Indianapolis 500

1975

 

 

 

 

INDIANAPOLIS (AP) - It rained on Bobby Unser's parade, but he didn't mind it a bit. He was leading it.

 

"What a day! What a beautiful day!" Unser exclaimed as he climbed from his Eagle-Offenhauser in Victory Lane, his beaming face turned upwards, into the waning rain of the thunderstorm that had just given him his second triumph in the Indianapolis 500.

 

It was supposed to go the standard 200 laps-500 miles-just like the race he'd won here in 1968 when he beat Dan Gurney.

 

But on the 172nd lap Sunday the lightning-laden storm clouds which had been menacing the Indianapolis Motor Speedway for more than an hour finally unleashed their fury.

 

First it was with a brief sprinkle, then with a torrential downpour that had Pat Vidan waving the red and checkered black-and-white flags which signaled the race was over and that Bobby had won it after 174 laps- 435 miles.

 

When he crossed the finish line, he was cruising along at a dainty 30 miles an hour, nowhere near his winning speed of 149.213 m.p.h., accomplished in 2 hours, 54 minutes, 55 seconds (video).

 

But that didn't matter one bit.
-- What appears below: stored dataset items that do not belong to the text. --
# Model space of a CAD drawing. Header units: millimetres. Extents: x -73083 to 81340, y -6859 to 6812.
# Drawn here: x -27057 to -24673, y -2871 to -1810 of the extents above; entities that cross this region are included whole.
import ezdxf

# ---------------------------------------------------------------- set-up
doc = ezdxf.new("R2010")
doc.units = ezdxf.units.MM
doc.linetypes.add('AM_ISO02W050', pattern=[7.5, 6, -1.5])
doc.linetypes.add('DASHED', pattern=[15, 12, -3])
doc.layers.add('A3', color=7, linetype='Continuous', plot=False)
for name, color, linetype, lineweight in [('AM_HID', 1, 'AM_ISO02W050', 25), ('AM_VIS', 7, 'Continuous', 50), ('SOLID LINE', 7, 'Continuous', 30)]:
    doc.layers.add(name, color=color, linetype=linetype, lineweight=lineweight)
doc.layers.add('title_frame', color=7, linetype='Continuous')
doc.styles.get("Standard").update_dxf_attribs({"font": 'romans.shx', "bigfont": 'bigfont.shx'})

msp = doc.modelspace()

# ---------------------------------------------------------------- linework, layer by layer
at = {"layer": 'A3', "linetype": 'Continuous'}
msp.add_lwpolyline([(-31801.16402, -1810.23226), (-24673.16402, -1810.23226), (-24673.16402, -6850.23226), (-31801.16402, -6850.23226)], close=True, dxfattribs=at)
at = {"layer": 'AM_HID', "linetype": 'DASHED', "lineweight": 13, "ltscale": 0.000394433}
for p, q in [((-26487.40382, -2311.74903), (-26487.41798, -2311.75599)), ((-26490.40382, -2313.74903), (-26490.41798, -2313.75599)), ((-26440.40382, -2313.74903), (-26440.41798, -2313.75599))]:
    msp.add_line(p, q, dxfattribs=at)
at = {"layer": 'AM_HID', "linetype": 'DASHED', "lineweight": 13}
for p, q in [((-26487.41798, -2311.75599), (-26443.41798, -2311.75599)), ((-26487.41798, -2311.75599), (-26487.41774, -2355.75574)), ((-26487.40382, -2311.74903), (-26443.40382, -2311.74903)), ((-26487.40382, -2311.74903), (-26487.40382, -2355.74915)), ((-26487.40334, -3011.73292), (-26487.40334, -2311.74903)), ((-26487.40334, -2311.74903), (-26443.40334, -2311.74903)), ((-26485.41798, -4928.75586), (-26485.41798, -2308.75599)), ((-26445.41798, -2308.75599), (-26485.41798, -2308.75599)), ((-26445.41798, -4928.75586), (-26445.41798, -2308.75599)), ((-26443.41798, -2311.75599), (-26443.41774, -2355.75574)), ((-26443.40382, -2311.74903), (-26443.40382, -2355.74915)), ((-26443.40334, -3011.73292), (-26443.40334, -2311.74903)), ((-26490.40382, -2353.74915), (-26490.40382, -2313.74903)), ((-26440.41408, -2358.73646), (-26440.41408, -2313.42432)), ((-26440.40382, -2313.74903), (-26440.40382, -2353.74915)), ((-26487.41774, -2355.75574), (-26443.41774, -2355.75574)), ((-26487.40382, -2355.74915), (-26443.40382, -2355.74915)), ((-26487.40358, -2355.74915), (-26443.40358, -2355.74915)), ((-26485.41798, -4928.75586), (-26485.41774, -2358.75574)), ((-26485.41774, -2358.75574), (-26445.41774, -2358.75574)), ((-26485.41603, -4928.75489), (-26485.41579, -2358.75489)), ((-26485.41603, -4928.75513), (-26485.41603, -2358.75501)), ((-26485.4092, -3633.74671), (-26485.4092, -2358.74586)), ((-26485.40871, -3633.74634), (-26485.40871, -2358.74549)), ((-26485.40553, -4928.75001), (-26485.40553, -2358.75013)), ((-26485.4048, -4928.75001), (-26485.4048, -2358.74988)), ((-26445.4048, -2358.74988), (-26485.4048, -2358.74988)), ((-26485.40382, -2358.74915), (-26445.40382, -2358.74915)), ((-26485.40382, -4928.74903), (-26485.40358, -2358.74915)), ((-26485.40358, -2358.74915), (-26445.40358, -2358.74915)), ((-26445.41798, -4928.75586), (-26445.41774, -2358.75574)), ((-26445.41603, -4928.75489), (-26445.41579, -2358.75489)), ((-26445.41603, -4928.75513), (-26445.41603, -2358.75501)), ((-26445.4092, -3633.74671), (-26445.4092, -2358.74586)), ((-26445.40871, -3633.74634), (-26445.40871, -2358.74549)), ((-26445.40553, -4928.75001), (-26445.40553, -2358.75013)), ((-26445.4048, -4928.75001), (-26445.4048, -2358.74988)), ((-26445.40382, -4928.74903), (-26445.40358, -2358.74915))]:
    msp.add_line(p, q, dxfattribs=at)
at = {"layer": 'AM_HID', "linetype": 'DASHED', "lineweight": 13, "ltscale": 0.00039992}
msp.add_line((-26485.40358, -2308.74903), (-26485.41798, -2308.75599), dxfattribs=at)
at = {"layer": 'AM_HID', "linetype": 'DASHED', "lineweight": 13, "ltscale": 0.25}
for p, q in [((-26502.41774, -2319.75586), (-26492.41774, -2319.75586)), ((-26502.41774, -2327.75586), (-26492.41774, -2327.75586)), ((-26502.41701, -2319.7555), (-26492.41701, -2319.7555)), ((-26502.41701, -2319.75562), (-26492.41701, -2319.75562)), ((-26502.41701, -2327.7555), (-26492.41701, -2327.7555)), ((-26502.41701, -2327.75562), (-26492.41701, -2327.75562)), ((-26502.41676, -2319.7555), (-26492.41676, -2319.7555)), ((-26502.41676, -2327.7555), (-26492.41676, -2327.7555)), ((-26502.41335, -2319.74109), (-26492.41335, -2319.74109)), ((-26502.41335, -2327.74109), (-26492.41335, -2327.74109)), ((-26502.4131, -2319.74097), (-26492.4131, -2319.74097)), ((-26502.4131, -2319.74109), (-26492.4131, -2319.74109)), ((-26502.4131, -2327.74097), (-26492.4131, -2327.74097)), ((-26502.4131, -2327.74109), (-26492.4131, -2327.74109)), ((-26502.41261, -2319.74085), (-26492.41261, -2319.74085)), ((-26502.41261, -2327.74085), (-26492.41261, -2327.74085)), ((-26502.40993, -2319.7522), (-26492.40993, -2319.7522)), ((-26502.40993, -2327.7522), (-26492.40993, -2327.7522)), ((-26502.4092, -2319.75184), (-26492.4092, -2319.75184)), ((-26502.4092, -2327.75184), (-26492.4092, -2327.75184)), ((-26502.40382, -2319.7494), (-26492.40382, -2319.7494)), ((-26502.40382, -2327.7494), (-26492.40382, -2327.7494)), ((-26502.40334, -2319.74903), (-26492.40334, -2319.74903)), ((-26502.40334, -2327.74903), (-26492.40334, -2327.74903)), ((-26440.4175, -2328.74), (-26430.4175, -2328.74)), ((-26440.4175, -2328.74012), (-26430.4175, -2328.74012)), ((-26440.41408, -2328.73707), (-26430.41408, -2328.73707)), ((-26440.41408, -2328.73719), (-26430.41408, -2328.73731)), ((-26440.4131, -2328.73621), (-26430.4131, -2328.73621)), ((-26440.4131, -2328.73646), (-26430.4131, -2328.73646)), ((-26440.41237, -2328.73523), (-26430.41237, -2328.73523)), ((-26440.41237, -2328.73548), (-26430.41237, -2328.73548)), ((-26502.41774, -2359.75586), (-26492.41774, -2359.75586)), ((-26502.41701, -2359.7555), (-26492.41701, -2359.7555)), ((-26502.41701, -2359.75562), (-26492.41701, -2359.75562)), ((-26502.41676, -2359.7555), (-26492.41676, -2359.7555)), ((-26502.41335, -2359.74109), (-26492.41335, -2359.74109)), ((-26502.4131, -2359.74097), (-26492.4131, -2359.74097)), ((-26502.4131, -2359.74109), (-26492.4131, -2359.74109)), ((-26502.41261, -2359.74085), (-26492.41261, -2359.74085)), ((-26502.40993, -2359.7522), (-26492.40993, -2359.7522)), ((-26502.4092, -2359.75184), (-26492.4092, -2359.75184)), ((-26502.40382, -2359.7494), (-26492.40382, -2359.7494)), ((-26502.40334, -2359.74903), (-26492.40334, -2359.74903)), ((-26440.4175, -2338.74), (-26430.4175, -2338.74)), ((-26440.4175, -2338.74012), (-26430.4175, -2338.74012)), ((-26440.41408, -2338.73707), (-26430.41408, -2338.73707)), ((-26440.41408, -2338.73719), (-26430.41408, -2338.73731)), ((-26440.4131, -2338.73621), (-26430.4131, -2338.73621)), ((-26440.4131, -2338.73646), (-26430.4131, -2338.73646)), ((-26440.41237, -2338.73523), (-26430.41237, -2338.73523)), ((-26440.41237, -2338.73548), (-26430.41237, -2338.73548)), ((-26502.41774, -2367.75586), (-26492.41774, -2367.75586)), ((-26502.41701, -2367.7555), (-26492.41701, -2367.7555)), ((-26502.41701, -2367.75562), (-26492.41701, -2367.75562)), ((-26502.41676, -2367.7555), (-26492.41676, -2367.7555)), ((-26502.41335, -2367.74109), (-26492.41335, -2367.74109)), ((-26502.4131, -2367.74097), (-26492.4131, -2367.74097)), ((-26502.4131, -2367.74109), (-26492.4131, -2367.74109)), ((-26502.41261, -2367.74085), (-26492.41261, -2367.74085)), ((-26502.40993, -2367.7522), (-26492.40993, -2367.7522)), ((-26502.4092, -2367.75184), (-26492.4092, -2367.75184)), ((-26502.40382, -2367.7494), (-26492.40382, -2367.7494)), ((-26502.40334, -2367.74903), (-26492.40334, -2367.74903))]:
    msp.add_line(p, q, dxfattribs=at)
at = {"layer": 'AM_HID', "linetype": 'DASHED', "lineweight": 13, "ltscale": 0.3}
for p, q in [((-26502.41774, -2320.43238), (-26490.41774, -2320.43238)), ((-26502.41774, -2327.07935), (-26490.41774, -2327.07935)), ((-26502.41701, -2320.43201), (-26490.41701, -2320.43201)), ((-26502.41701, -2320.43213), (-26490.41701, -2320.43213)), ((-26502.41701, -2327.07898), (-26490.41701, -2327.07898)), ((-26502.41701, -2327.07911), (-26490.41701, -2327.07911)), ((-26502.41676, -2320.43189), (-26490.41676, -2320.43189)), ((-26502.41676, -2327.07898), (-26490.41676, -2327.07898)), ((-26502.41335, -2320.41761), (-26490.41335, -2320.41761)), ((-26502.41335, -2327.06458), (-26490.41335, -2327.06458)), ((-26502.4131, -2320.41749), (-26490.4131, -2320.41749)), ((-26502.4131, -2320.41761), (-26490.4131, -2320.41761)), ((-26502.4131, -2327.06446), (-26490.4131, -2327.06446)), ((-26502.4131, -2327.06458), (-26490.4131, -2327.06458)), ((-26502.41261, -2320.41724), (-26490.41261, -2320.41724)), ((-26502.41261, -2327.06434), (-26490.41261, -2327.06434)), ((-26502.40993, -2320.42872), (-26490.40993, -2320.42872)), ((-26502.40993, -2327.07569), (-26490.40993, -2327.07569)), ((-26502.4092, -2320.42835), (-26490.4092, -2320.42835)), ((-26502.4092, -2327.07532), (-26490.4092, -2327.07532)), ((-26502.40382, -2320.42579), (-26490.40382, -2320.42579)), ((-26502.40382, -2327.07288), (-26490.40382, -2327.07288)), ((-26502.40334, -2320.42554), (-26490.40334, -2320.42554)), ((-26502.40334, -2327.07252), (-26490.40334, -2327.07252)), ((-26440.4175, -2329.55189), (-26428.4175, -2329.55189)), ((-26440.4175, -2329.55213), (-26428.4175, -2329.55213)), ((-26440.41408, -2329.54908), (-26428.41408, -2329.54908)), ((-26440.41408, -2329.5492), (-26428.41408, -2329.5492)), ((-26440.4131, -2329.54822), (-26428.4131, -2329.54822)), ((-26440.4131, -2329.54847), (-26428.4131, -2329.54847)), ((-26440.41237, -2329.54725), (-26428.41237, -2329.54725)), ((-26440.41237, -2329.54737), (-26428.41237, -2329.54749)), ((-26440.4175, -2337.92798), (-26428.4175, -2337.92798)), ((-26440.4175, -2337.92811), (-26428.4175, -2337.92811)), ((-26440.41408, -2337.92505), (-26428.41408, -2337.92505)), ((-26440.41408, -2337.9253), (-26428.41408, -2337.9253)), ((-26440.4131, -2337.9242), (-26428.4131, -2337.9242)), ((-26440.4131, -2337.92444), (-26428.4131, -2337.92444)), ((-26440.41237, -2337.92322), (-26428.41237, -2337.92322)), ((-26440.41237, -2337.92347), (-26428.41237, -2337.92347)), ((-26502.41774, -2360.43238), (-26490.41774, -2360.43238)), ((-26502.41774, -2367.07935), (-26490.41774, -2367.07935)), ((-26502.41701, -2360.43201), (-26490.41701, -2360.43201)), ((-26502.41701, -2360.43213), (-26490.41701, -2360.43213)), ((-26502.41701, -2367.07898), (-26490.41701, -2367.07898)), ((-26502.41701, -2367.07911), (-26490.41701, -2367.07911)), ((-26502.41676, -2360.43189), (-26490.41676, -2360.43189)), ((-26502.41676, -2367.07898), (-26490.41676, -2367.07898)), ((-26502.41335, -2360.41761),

The fact that he crossed the line at all was a victory in itself.

 

As he tooled down the main straightaway, other less fortunate drivers were swimming and fish-tailing all over the place. Their low-slung, lightweight, wide-tired racers were about as stable as surfboards on the slick, flooded asphalt.

 

Last year Unser came in No. 2 to Johnny Rutherford.

 

This time it was Rutherford's turn to be second-best, all because of an untimely pit stop.

 

Actually nobody really figured on either of them being No. 1. That, everybody was saying, was reserved for Wally Dallenbach.

 

Dallenbach charged from his 21st starting position into the lead by the 60th lap, then held it virtually all the way until the 161st, opening a commanding 25-second edge, about half a lap.

 

Then, poof! It was all over for Wally. Engine troubles, caused by debris from the day's only serious wreck, sent him smoking into the pits for good and sent Rutherford into the lead, just ahead of Unser.

 

On the 165th, though, Rutherford decided to make a pit stop of his own, 19 seconds that put Unser in front.

 

Five laps later, Rutherford found out just how costly his pit stop was. In the 170th lap, the drivers were frozen in their respective positions under a yellow caution flag-the fifth and final one-when Gary Bettenhausen blew a tire and played handball with his car along the main straightaway's outside wall.

 

The yellow stayed out the rest of the way-and Unser stayed in front.

 

"We had no assurance the track would dry, no assurance it wouldn't rain again," said Chief Steward Tom Binford, explaining the quick end to the race." In my mind, to stop and then have a 65-mile sprint race didn't meet the requirements."

 

Rutherford wasn't embittered by Binford's decision-but then, he wasn't exactly overjoyed, either.

 

The way Bobby was talking his driving didn't have all that much to do with it.

 

"Luck is everything," he said. "If you don't have luck on the race track, you don't win.”

 

Luck was certainly on Unser's side on the 127th lap, when Tom Sneva and rookie Eldon Rasmussen got together a little too hard on the second turn. Sneva's car hurtled along the outside wall, flipped over several times and burst into flames. Debris was flying everywhere.

 

And along came Unser, who managed to weave his way through the shrapnel without incident.

 

"Sometimes you make it, sometimes you don't," he shrugged. "This time I did. There have been times I didn't. This time I'm a hero. Other times... well, everybody's saying, "Why didn't you do this instead of that?'"

 

Luck wasn’t on A. J. Foyt's side, though. The grizzled veteran from Houston, trying to become Indy's first four-time winner, led for 51 of the first 60 laps and was right in there with the rest of the leaders when he, too, came upon the metallic litter in the second turn.

 

He didn't quite escape it. It ruined all four of his tires, necessitating a 45-second pit stop that put him just about a lap off the pace-and that's where he finished.

 

Sneva suffered severe burns on his hands and milder burns over 15 percent of his body, the only serious injury of the race. Rasmussen wasn't even shaken up. He continued on for a lap, then stopped at the accident scene and helped extricate Sneva from the burning wreckage.

 

The day, though, belonged naturally to Bobby Unser, who enjoyed a bit of familial one-upmanship by matching brother Al's mark of two Indy victories. Al would up 16th this time.

 

Was this win his big thrill? No way, he said. "It's always best to win your first."

 

And, more important, he added, it's always best to win at Indy.

 

"There's a lot of people who'll tell you that Indy isn't really the big thing, that it can't compare with Formula I racing, with the stock cars and all that," he said.

 

"Forget it. It's not true. Winning at Indy is everything. Indianapolis is the best.”